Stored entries

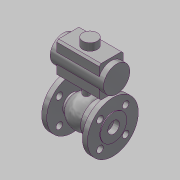
# Autodesk Inventor part: BALL VALVE  PNEUMATIC FLANGED S235 DN32
Saved by Autodesk Inventor 2017 (Build 210142000, 142)
## iProperties
Category: Piping Part
Company: Demarec
Created: 2012-12-20
Part Number: BALL VALVE  PNEUMATIC FLANGED S235 DN32
Material: S235
Document SubType Name: Modeling
Designer: Marc Crauwels
Density: 7.85 g/cm^3
Mass: 658107 g
Surface Area: 21375.3 cm^2
Volume: 83622.3 cm^3
Appearance: Steel
Description: BELVEN BV4
Author: Marc Crauwels
Title: Carbon Steel Globe Valve PN16
Comments: iPart CS GlbVlvPN16
Autodesk Inventor part; units mm, degrees
ref_plane "XZ Plane" through (0, 0, 0) normal (0, 1, 0) x (-1, 0, 0)
sketch "Sketch1" plane through (0, 0, 0) normal (1, 0, 0) x (0, 1, 0)
  line L0 (49, 16) -> (63, 16)
  line L1 (63, 16) -> (63, 70)
  line L2 (63, 70) -> (49, 70)
  line L3 (49, 70) -> (49, 16)
  line L4 (63, 16) -> (65, 16)
  line L5 (65, 16) -> (65, 36)
  line L6 (65, 36) -> (63, 36)
  line L7 (63, 36) -> (63, 16)
  line L8 (-65, 0) -> (65, 0) construction
  line L9 (65, 0) -> (49, 0) construction
  line L10 (0, 0) -> (0, 95.8184) construction
  line L11 (-65, 0) -> (-49, 0) construction
  line L12 (0, 0) -> (-21.3713, 0)
  dimension "Lenght" = 130
  dimension "DN" = 32
  dimension "FlgDia" = 140
  dimension "FlgThck" = 16
  dimension "GsktFace" = 72
  dimension "Face" = 2
  constraints: 26 end point, 5 point on line, 4 parallel, 3 horizontal, 3 perpendicular, 2 coincident, 2 collinear, 1 midpoint
  measures "Lenght" distance of L8.start L8.end
  measures "DN" diameter of L0 L8
  measures "FlgDia" diameter of L2 L8
  measures "FlgThck" distance between parallel lines of L3 L5
  measures "GsktFace" diameter of L5.end L8
  measures "Face" distance of L5.end L6.end
revolve "Revolution1" add sketch "Sketch1" angle 360 about axis through (0, -65, 0) along (0, 1, 0)
sketch "Sketch5" plane through (0, 63, 0) normal (0, 1, 0) x (1, 0, 0)
  line L0 (0, 0) -> (-35.3553, 35.3553)
  line L1 (0, 0) -> (0, 103.939) construction
  circle A0 centre (-35.3553, 35.3553) radius 9
  point P0 (0, 0)
  dimension "d16" = 50
  dimension "d17" = 45
  dimension "d18" = 18
  constraints: 4 end point, 2 coincident, 1 centre point, 1 vertical
  measures "d16" distance of L0.start L0.end
  measures "d17" angle of L1 L0
  measures "d18" diameter of A0
extrude "Extrusion2" cut sketch "Sketch5" against normal through all
pattern_circular "Circular Pattern1" count 4 over 360 about axis through (0, 64, 0) along (0, 1, 0) of "Extrusion2"
sketch "Sketch14" plane through (0, 49, 0) normal (0, -1, 0) x (-1, 0, 0)
  circle A0 centre (0, 0) radius 16 projected
  circle A1 centre (0, 0) radius 26
  dimension "d54" = 10
  constraints: 1 centre point
  measures "d54" radial gap between concentric circles of A1 A0
pattern_circular "Circular Pattern2" count 2 over 360 about axis through (-10, 0, 0) along (1, 0, 0) of "Revolution1", "Extrusion2", "Circular Pattern1"
extrude "Extrusion5" add sketch "Sketch14" along normal up to surface (98 mm away) contours A0 | A1
sketch "Sketch20" plane through (0, 0, 0) normal (1, 0, 0) x (0, 1, 0)
  line L0 (10, -42.6) -> (10, 42.6)
  arc A0 (10, -42.6) -> (10, 42.6) centre (10, 0) ccw
  line L1 (65, -37.9012) -> (65, 33.7766)
  line L2 (10, 0) -> (18.52, 0)
  line L3 (18.52, 0) -> (18.52, 76)
  line L4 (18.52, 76) -> (10, 76)
  line L5 (10, 76) -> (10, 0)
  line L6 (65, -36) -> (65, 36) projected
  point P0 (0, 0)
  point P1 (12.4178, -1.9012)
  point P2 (12.4178, -1.9012)
  point P3 (65, -37.9012)
  point P4 (0, 0)
  dimension "d78" = 85.2
  dimension "oI" = 55
  dimension "oH" = 76
  dimension "d81" = 8.52
  constraints: 10 end point, 2 parallel, 2 point on circle, 2 vertical, 1 centre point, 1 coincident, 1 horizontal, 1 midpoint, 1 perpendicular, 1 point on line, 7 other
  measures "d78" distance of L0.start L0.end
  measures "oH" distance of L4.end L2.start
  measures "d81" distance of L4.end L3.end
revolve "Revolution5" add sketch "Sketch20" angle 360 about axis through (0, 10, 76) along (0, 0, -1)
ref_plane "Work Plane1" through (0, -32.6, 0) normal (0, -1, 0) x (1, 0, 0)
sketch "Sketch21" plane through (0, -32.6, 0) normal (0, -1, 0) x (1, 0, 0)
  circle A0 centre (0, 0) radius 26 projected
  circle A1 centre (0, 0) radius 42.5
  point P0 (0, 0)
  dimension "d92" = 85
  constraints: 1 centre point, 1 coincident
  measures "d92" diameter of A1
extrude "Extrusion9" add sketch "Sketch21" against normal blind 16
ref_plane "Work Plane2" through (0, 10, 38) normal (1, 0, 0) x (0, 0, -1)
sketch "Sketch22" plane through (0, 0, 0) normal (0, 1, 0) x (-1, 0, 0)
  line L0 (33, 76) -> (-33, 76)
  line L1 (-33, 76) -> (-33, 163)
  line L2 (-33, 163) -> (33, 163)
  line L3 (33, 163) -> (33, 76)
  line L4 (0, 163) -> (20, 163)
  line L5 (20, 163) -> (20, 183)
  line L6 (20, 183) -> (0, 183)
  line L7 (0, 183) -> (0, 163)
  line L8 (33, 76) -> (-33, 163)
  circle A0 centre (0, 119.5) radius 36
  line L9 (-55.04, 76) -> (0, 76)
  line L10 (-8.52, 76) -> (8.52, 76) projected
  dimension "oCylWith" = 66
  dimension "oCylHeight" = 87
  dimension "d97" = 20
  dimension "d98" = 20
  dimension "oCylDia" = 72
  constraints: 20 end point, 4 midpoint, 4 parallel, 2 collinear, 2 perpendicular, 1 centre point
  measures "oCylWith" distance of L1.end L2.end
  measures "oCylHeight" distance of L0.end L1.end
  measures "d97" distance of L6.end L5.end
  measures "d98" distance of L5.end L4.end
  measures "oCylDia" diameter of A0
extrude "Extrusion10" add sketch "Sketch22" along normal mid plane 147 contours A0 L8 L3 | L3 A0 | A0 L1 L8 | A0 L1 picked at (11, 114.7042) picked at (-15.4028, 107.9455)
extrude "Extrusion11" add sketch "Sketch22" along normal mid plane 117 contours L8 A0 L3 | L0 L1 A0 L8 | A0 L8 L3 | A0 L1 L8 | A0 L8 L2 L3 | A0 L1 L8
revolve "Revolution6" add sketch "Sketch22" angle 360 about axis through (0, 0, 183) along (0, 0, -1) contours L2 L7 L6 L5
chamfer "Chamfer1" distance 5 angle 45 4 edges at (-33, 0, 163) (33, 0, 163) (33, 0, 76) (-33, 0, 76)
equation "\"d16\" = 0.5 * KDia"
equation "\"KDia\" = 100"
body "Solid1"
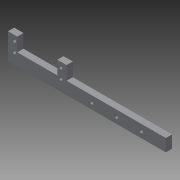
# Autodesk Inventor part: flapperservomount
Saved by Autodesk Inventor 2015 (Build 190159000, 159)
## iProperties
Created: 2015-02-15
Part Number: flapperservomount
Material: Generic
Document SubType Name: Modeling
Designer: sauhaarda
Density: 1 g/cm^3
Appearance: Default
Author: sauhaarda
Autodesk Inventor part; units mm, degrees
ref_plane "YZ Plane" through (0, 0, 0) normal (1, 0, 0) x (0, 1, 0)
ref_plane "XZ Plane" through (0, 0, 0) normal (0, 1, 0) x (-1, 0, 0)
ref_plane "XY Plane" through (0, 0, 0) normal (0, 0, 1) x (1, 0, 0)
sketch "Sketch1" plane through (0, 0, 0) normal (0, 0, 1) x (1, 0, 0)
  line L0 (101.6, 0) -> (101.6, -12.7)
  line L1 (101.6, -12.7) -> (0, -12.7)
  line L2 (50.8, 0) -> (0, 0)
  line L3 (50.8, 0) -> (101.6, 0)
  line L4 (0, -12.7) -> (50.8, -12.7)
  line L5 (50.8, -12.7) -> (101.6, -12.7)
  circle A0 centre (25.4, -6.35) radius 1.85
  circle A1 centre (50.8, -6.35) radius 1.85
  circle A2 centre (76.2, -6.35) radius 1.85
  line L6 (0, -12.7) -> (-60, -12.7)
  line L7 (-60, -12.7) -> (-60, 0)
  line L8 (-9.5, 0) -> (-9.5, 13.9)
  line L9 (-9.5, 13.9) -> (0, 13.9)
  line L10 (0, 13.9) -> (0, 0)
  line L11 (-50.5004, 13.8938) -> (-60, 13.8938)
  line L12 (-60, 13.8938) -> (-60, 0)
  line L13 (-50.5004, 13.8938) -> (-53.7504, 13.8938)
  circle A3 centre (-53.7504, 8.8938) radius 1.8542
  line L14 (-9.5, 13.9) -> (-6.2488, 13.9)
  line L15 (-9.5, 8.8962) -> (-9.5, 13.9)
  circle A4 centre (-6.2488, 8.8962) radius 1.8542
  line L16 (-53.7504, 13.8938) -> (-50.5004, 13.8938)
  circle A5 centre (-53.7504, -1.1062) radius 1.8542
  circle A6 centre (-6.2488, -1.1) radius 1.8542
  line L17 (-9.5, 0) -> (-50.5004, 0)
  line L18 (-50.5004, 13.8938) -> (-50.5004, 0)
  line L19 (0, 0) -> (0, -12.7)
  line L20 (0, 0) -> (101.6, 0)
  line L21 (101.6, 0) -> (101.6, -12.7)
  line L22 (101.6, -12.7) -> (0, -12.7)
  line L23 (-60, 13.8938) -> (-60, -12.7)
  line L24 (-60, -12.7) -> (0, -12.7)
  line L25 (0, -12.7) -> (0, 13.9)
  line L26 (0, 13.9) -> (-9.5, 13.9)
  line L27 (-9.5, 0) -> (-50.5004, 0)
  line L28 (-50.5004, 13.8938) -> (-60, 13.8938)
  dimension "d0" = 101.6
  dimension "d1" = 12.7
  dimension "d2" = 3.7
  dimension "d3" = 3.7
  dimension "d4" = 3.7
  dimension "d5" = 60
  dimension "d6" = 9.5
  dimension "d7" = 13.9
  dimension "d8" = 9.4996
  dimension "d9" = 13.8938
  dimension "d12" = 3.7084
  dimension "d15" = 3.7084
  dimension "d17" = 3.7084
  dimension "d19" = 3.7084
  constraints: 58 end point, 8 collinear, 7 centre point, 6 perpendicular, 4 horizontal, 1 midpoint, 1 parallel, 1 vertical
  measures "d0" distance of L0.end L1.end
  measures "d1" distance of L0.start L0.end
  measures "d2" diameter of A0
  measures "d3" diameter of A1
  measures "d4" diameter of A2
  measures "d5" distance of L7.end L10.end
  measures "d6" distance of L8.end L9.end
  measures "d7" distance of L8.start L8.end
  measures "d8" distance of L11.end L11.start
  measures "d9" distance of L11.start L17.end
  measures "d12" diameter of A3
  measures "d15" diameter of A4
  measures "d17" diameter of A5
  measures "d19" diameter of A6
extrude "Extrusion1" add sketch "Sketch1" along normal blind 6.35
body "Solid1"
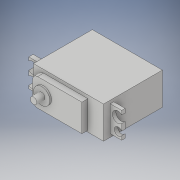
# Autodesk Inventor part: sorting
Saved by Autodesk Inventor 2019 (Build 230136000, 136)
## iProperties
Created: 2020-02-29
Part Number: sorting
Material: Generic
Document SubType Name: Modeling
Designer: VIGNESH
Density: 1 g/cm^3
Appearance: Default
Author: VIGNESH
Autodesk Inventor part; units mm, degrees
ref_plane "YZ Plane" through (0, 0, 0) normal (1, 0, 0) x (0, 1, 0)
ref_plane "XZ Plane" through (0, 0, 0) normal (0, 1, 0) x (-1, 0, 0)
ref_plane "XY Plane" through (0, 0, 0) normal (0, 0, 1) x (1, 0, 0)
sketch "Sketch1" plane through (0, 0, 0) normal (0, 0, 1) x (1, 0, 0)
  line L0 (0, 0) -> (42.9, 0)
  line L1 (42.9, 0) -> (42.9, 19.7)
  line L2 (42.9, 19.7) -> (0, 19.7)
  line L3 (0, 19.7) -> (0, 0)
  dimension "d0" = 42.9
  dimension "d1" = 19.7
  constraints: 8 end point, 2 parallel, 1 horizontal, 1 perpendicular
  measures "d0" distance of L2.end L1.end
  measures "d1" distance of L1.end L0.end
extrude "Extrusion1" add sketch "Sketch1" along normal blind 36
sketch "Sketch2" plane through (0, 0, 36) normal (0, 0, 1) x (1, 0, 0)
  line L0 (3.1975, 17.7737) -> (33.3653, 17.7737)
  line L1 (33.3653, 17.7737) -> (33.3653, 1.0692)
  line L2 (33.3653, 1.0692) -> (3.1975, 1.0692)
  line L3 (3.1975, 1.0692) -> (3.1975, 17.7737)
  point P0 (0, 0)
  constraints: 8 end point, 2 parallel, 1 horizontal, 1 perpendicular
extrude "Extrusion2" add sketch "Sketch2" along normal blind 3.7
fillet "Fillet1" radius 3 1 edges at (3.1975, 1.0692, 37.85)
fillet "Fillet2" radius 3 1 edges at (3.1975, 17.7737, 37.85)
sketch "Sketch3" plane through (0, 0, 39.7) normal (0, 0, 1) x (1, 0, 0)
  circle A0 centre (9.7525, 9.7525) radius 5
  point P0 (0, 0)
  dimension "d8" = 10
  constraints: 1 centre point
  measures "d8" diameter of A0
extrude "Extrusion3" add sketch "Sketch3" along normal blind 1
sketch "Sketch4" plane through (9.7525, 9.7525, 40.7) normal (0, 0, 1) x (1, 0, 0)
  circle A0 centre (0, 0) radius 2
  point P0 (-9.7525, -9.7525)
  dimension "d11" = 4
  constraints: 1 centre point
  measures "d11" diameter of A0
extrude "Extrusion4" add sketch "Sketch4" along normal blind 5
sketch "Sketch5" plane through (0, 0, 0) normal (-1, 0, 0) x (0, 0, 1)
  line L0 (31.9055, 17.6776) -> (29.163, 17.6776)
  line L1 (29.163, 17.6776) -> (29.163, 0.8485)
  line L2 (29.163, 0.8485) -> (31.9055, 0.8485)
  line L3 (31.9055, 0.8485) -> (31.9055, 17.6776)
  point P0 (0, 0)
  constraints: 8 end point, 2 parallel, 1 horizontal, 1 perpendicular
extrude "Extrusion5" add sketch "Sketch5" along normal blind 7
sketch "Sketch6" plane through (0, 0.8485, 31.9055) normal (0, 0, 1) x (1, 0, 0)
  circle A0 centre (-4.7474, 12.2898) radius 3.3866
  point P0 (0, -0.8485)
  constraints: 1 centre point
extrude "Extrusion6" cut sketch "Sketch6" against normal through all
sketch "Sketch7" plane through (0, 0.8485, 31.9055) normal (0, 0, 1) x (1, 0, 0)
  circle A0 centre (-5.0418, 4.3406) radius 3.2151
  point P0 (0, -0.8485)
  constraints: 1 centre point
extrude "Extrusion7" cut sketch "Sketch7" against normal blind 7
sketch "Sketch8" plane through (42.9, 0, 0) normal (1, 0, 0) x (0, 0, -1)
  line L0 (-31.9055, 1.974) -> (-31.9055, 8.4041) projected
  line L1 (-31.9055, 1.974) -> (-29.7764, 1.974)
  line L2 (-29.7764, 1.974) -> (-29.7764, 17.7891)
  line L3 (-29.7764, 17.7891) -> (-31.9055, 17.7891)
  line L4 (-31.9055, 17.7891) -> (-31.9055, 1.974)
  point P0 (0, 0)
  point P1 (-31.9055, 7.739)
  point P2 (-31.9055, 2.6391)
  constraints: 8 end point, 2 parallel, 1 horizontal, 1 perpendicular
extrude "Extrusion8" add sketch "Sketch8" along normal blind 7
sketch "Sketch9" plane through (42.9, 1.974, 31.9055) normal (0, 0, 1) x (1, 0, 0)
  circle A0 centre (4.9018, 3.5919) radius 2.4255
  point P0 (-42.9, -1.974)
  constraints: 1 centre point
extrude "Extrusion9" cut sketch "Sketch9" against normal blind 7
sketch "Sketch10" plane through (42.9, 1.974, 31.9055) normal (0, 0, 1) x (1, 0, 0)
  circle A0 centre (4.6112, 11.0906) radius 3.2917
  point P0 (-42.9, -1.974)
  constraints: 1 centre point
extrude "Extrusion10" cut sketch "Sketch10" against normal blind 7
sketch "Sketch11" plane through (0, 0, 36) normal (0, 0, 1) x (1, 0, 0)
  point P0 (0, 0)
body "Solid1"
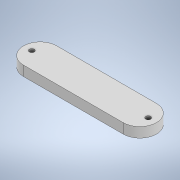
# Autodesk Inventor part: fuselagewingconnection
Saved by Autodesk Inventor 2022 (Build 260153000, 153)
## iProperties
Created: 2021-08-25
Part Number: fuselagewingconnection
Material: Generic
Document SubType Name: Modeling
Designer: Ferdinand Hubbard
Density: 1 g/cm^3
Appearance: Default
Author: Ferdinand Hubbard
Autodesk Inventor part; units mm, degrees
ref_plane "YZ Plane" through (0, 0, 0) normal (1, 0, 0) x (0, 1, 0)
ref_plane "XZ Plane" through (0, 0, 0) normal (0, 1, 0) x (-1, 0, 0)
ref_plane "XY Plane" through (0, 0, 0) normal (0, 0, 1) x (1, 0, 0)
sketch "Sketch1" plane through (0, 0, 0) normal (0, 1, 0) x (-1, 0, 0)
  line L0 (30, -10) -> (-30, -10)
  line L1 (-40, 0) -> (-40, 0)
  line L2 (-30, 10) -> (30, 10)
  line L3 (40, 0) -> (40, 0)
  line L4 (40, -10) -> (-40, 10) construction
  line L5 (-40, -10) -> (40, 10) construction
  line L6 (0, 0) -> (35, 0)
  line L7 (0, 0) -> (35, 0) construction
  line L8 (0, 0) -> (-35, 0) construction
  line L9 (0, 0) -> (35, 0) construction
  circle A0 centre (35, 0) radius 1.5
  circle A1 centre (-35, 0) radius 1.5
  arc A2 (-30, 10) -> (-40, 0) centre (-30, 0) ccw
  arc A3 (-40, 0) -> (-30, -10) centre (-30, 0) ccw
  arc A4 (30, -10) -> (40, 0) centre (30, 0) ccw
  arc A5 (40, 0) -> (30, 10) centre (30, 0) ccw
  point P0 (40, 0)
  point P1 (-40, 0)
  dimension "d0" = 80
  dimension "d1" = 20
  dimension "d3" = 35
  dimension "d4" = 0
  dimension "d5" = 35
  dimension "d6" = 180
  dimension "d7" = 3
  dimension "d8" = 3
  dimension "d11" = 10
  constraints: 20 end point, 8 point on circle, 8 point on line, 8 tangent, 6 centre point, 4 horizontal, 3 equal length, 3 equal radius, 2 coincident, 2 collinear, 2 midpoint, 1 perpendicular
  measures "d0" distance of L4.end L5.end
  measures "d1" distance of L5.start L4.end
  measures "d3" distance of L6.start L6.end
  measures "d4" distance between parallel lines of L6 L7
  measures "d5" distance of L6.start L8.end
  measures "d6" angle of L8 L9
  measures "d7" diameter of A0
  measures "d8" diameter of A1
  measures "d11" radius of A2
extrude "Extrusion1" add sketch "Sketch1" along normal blind 6
body "Solid1"

AIM OF THE TASK.
Taking the entries above, write out exactly each line from the one holding "line L0 (0, 0) -> (-35.3553, 35.3553)" to the one holding "circles of A1 A0", both included, and stop there.

RESPONSE BELOW.
  line L0 (0, 0) -> (-35.3553, 35.3553)
  line L1 (0, 0) -> (0, 103.939) construction
  circle A0 centre (-35.3553, 35.3553) radius 9
  point P0 (0, 0)
  dimension "d16" = 50
  dimension "d17" = 45
  dimension "d18" = 18
  constraints: 4 end point, 2 coincident, 1 centre point, 1 vertical
  measures "d16" distance of L0.start L0.end
  measures "d17" angle of L1 L0
  measures "d18" diameter of A0
extrude "Extrusion2" cut sketch "Sketch5" against normal through all
pattern_circular "Circular Pattern1" count 4 over 360 about axis through (0, 64, 0) along (0, 1, 0) of "Extrusion2"
sketch "Sketch14" plane through (0, 49, 0) normal (0, -1, 0) x (-1, 0, 0)
  circle A0 centre (0, 0) radius 16 projected
  circle A1 centre (0, 0) radius 26
  dimension "d54" = 10
  constraints: 1 centre point
  measures "d54" radial gap between concentric circles of A1 A0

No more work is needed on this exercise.